But Travers rarely ventured beyond this. She didn't care for direct questions anyway, and was evasive as to the source of Mary Poppins' powers and the way in which her magical adventures arise out of everyday circumstances, like an encounter with one of the stars of the Pleiades on a Christmas shopping trip, or a tea party which turns into an uproarious affair, floating about the ceiling. She was reticent too about the mystical undertones of the Poppins books, which seemed to grow stronger with each fresh instalment. How was it that this outwardly prim and proper nanny, smelling of boot polish and Sunlight soap, was able to see "over the rim of the world" and into the minds of her charges, communing with nature and the universe? Travers even claimed to have only the vaguest recollection of how the character "came to her", while she was convalescing in a Sussex cottage after a long illness. She certainly hadn't created or invented her. Like Poppins, PL Travers made a point of never explaining. "For me there are no answers, only questions," she once said. "... I don't look for an answer, because I don't think there is one. I'm very glad to be the bearer of a question."

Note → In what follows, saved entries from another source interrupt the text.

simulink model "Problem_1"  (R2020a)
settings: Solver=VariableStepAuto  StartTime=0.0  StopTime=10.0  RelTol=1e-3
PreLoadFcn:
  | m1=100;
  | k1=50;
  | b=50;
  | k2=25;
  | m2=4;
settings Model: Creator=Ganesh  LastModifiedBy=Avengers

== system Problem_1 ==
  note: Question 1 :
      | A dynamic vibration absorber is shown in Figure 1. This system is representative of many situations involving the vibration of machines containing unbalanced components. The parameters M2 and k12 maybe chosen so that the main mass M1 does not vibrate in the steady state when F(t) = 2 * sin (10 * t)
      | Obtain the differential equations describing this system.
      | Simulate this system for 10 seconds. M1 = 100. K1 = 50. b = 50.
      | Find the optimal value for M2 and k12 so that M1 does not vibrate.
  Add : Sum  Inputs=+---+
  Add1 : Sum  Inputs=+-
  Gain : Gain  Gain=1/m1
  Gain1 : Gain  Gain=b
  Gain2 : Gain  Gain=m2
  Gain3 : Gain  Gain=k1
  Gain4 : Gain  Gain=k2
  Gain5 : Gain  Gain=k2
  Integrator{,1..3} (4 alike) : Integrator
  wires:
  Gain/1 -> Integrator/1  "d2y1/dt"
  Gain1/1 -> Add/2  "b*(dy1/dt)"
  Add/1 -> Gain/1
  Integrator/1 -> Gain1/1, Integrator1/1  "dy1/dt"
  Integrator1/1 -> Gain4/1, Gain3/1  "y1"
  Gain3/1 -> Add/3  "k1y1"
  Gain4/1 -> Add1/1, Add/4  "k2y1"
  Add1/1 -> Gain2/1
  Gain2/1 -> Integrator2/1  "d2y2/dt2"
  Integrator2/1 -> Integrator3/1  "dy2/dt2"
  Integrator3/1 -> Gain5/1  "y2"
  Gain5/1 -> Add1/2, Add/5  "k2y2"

Over the years, however, interviewers and critics have been constantly ready with their own questions and answers. Mary Poppins has been called a witch, an elemental spirit, the good fairy ("If you're going to say 'fairy', don't", warns a penguin in a chapter titled "Full Moon". "I've thought of that already but as it's not a bit like her, it won't do"); she's been compared to Sophia, the goddess of wisdom, even to the Virgin Mary. George Russell, the Celtic poet and theosopher known as AE who was closely involved with Travers on her personal journey towards mysticism, believed that had Mary Poppins lived in another age she would have assumed the appearance of one of the great mythological creatures, with "long golden tresses, a wreath of flowers in one hand, and perhaps a spear in the other". In 1995, the year before Travers's death at the age of 96, there was even a furore in an Italian newspaper over an article that linked the extraordinary nanny to Satanic thought and ritual.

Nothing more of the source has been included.